Exercise prompt:
Without omission or alteration, write out all of the data.

Supplied data:

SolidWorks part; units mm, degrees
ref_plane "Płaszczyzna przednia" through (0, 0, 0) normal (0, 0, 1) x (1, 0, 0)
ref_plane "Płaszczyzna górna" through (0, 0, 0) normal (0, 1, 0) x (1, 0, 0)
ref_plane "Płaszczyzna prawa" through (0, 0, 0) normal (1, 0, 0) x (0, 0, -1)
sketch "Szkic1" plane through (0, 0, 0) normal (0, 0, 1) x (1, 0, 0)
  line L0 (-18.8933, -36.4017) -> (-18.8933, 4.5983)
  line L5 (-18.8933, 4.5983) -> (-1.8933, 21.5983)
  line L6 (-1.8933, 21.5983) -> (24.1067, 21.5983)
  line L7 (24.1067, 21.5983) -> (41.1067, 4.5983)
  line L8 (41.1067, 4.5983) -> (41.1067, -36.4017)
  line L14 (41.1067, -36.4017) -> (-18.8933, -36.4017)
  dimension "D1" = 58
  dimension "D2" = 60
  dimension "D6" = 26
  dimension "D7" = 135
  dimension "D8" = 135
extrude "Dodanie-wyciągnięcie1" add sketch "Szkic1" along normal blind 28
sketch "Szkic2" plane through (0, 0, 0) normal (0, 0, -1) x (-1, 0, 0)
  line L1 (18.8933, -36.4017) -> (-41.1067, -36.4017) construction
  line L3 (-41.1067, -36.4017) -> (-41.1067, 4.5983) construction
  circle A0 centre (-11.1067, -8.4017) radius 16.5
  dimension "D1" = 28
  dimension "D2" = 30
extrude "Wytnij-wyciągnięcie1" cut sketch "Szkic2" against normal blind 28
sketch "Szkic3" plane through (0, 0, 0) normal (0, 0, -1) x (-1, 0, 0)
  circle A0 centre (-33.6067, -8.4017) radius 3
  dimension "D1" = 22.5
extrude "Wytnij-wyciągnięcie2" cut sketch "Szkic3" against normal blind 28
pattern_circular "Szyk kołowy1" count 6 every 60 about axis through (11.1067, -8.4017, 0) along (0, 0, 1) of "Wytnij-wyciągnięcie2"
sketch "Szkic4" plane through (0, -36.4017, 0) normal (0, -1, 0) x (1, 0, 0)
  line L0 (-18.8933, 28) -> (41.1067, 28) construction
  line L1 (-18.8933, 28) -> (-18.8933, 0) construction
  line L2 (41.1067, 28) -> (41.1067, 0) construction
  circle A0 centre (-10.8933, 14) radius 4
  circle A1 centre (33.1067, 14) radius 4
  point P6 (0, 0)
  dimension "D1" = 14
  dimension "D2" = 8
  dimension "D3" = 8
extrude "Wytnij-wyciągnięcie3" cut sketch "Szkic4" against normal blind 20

Exercise response:
SolidWorks part; units mm, degrees
ref_plane "Płaszczyzna przednia" through (0, 0, 0) normal (0, 0, 1) x (1, 0, 0)
ref_plane "Płaszczyzna górna" through (0, 0, 0) normal (0, 1, 0) x (1, 0, 0)
ref_plane "Płaszczyzna prawa" through (0, 0, 0) normal (1, 0, 0) x (0, 0, -1)
sketch "Szkic1" plane through (0, 0, 0) normal (0, 0, 1) x (1, 0, 0)
  line L0 (-18.8933, -36.4017) -> (-18.8933, 4.5983)
  line L5 (-18.8933, 4.5983) -> (-1.8933, 21.5983)
  line L6 (-1.8933, 21.5983) -> (24.1067, 21.5983)
  line L7 (24.1067, 21.5983) -> (41.1067, 4.5983)
  line L8 (41.1067, 4.5983) -> (41.1067, -36.4017)
  line L14 (41.1067, -36.4017) -> (-18.8933, -36.4017)
  dimension "D1" = 58
  dimension "D2" = 60
  dimension "D6" = 26
  dimension "D7" = 135
  dimension "D8" = 135
extrude "Dodanie-wyciągnięcie1" add sketch "Szkic1" along normal blind 28
sketch "Szkic2" plane through (0, 0, 0) normal (0, 0, -1) x (-1, 0, 0)
  line L1 (18.8933, -36.4017) -> (-41.1067, -36.4017) construction
  line L3 (-41.1067, -36.4017) -> (-41.1067, 4.5983) construction
  circle A0 centre (-11.1067, -8.4017) radius 16.5
  dimension "D1" = 28
  dimension "D2" = 30
extrude "Wytnij-wyciągnięcie1" cut sketch "Szkic2" against normal blind 28
sketch "Szkic3" plane through (0, 0, 0) normal (0, 0, -1) x (-1, 0, 0)
  circle A0 centre (-33.6067, -8.4017) radius 3
  dimension "D1" = 22.5
extrude "Wytnij-wyciągnięcie2" cut sketch "Szkic3" against normal blind 28
pattern_circular "Szyk kołowy1" count 6 every 60 about axis through (11.1067, -8.4017, 0) along (0, 0, 1) of "Wytnij-wyciągnięcie2"
sketch "Szkic4" plane through (0, -36.4017, 0) normal (0, -1, 0) x (1, 0, 0)
  line L0 (-18.8933, 28) -> (41.1067, 28) construction
  line L1 (-18.8933, 28) -> (-18.8933, 0) construction
  line L2 (41.1067, 28) -> (41.1067, 0) construction
  circle A0 centre (-10.8933, 14) radius 4
  circle A1 centre (33.1067, 14) radius 4
  point P6 (0, 0)
  dimension "D1" = 14
  dimension "D2" = 8
  dimension "D3" = 8
extrude "Wytnij-wyciągnięcie3" cut sketch "Szkic4" against normal blind 20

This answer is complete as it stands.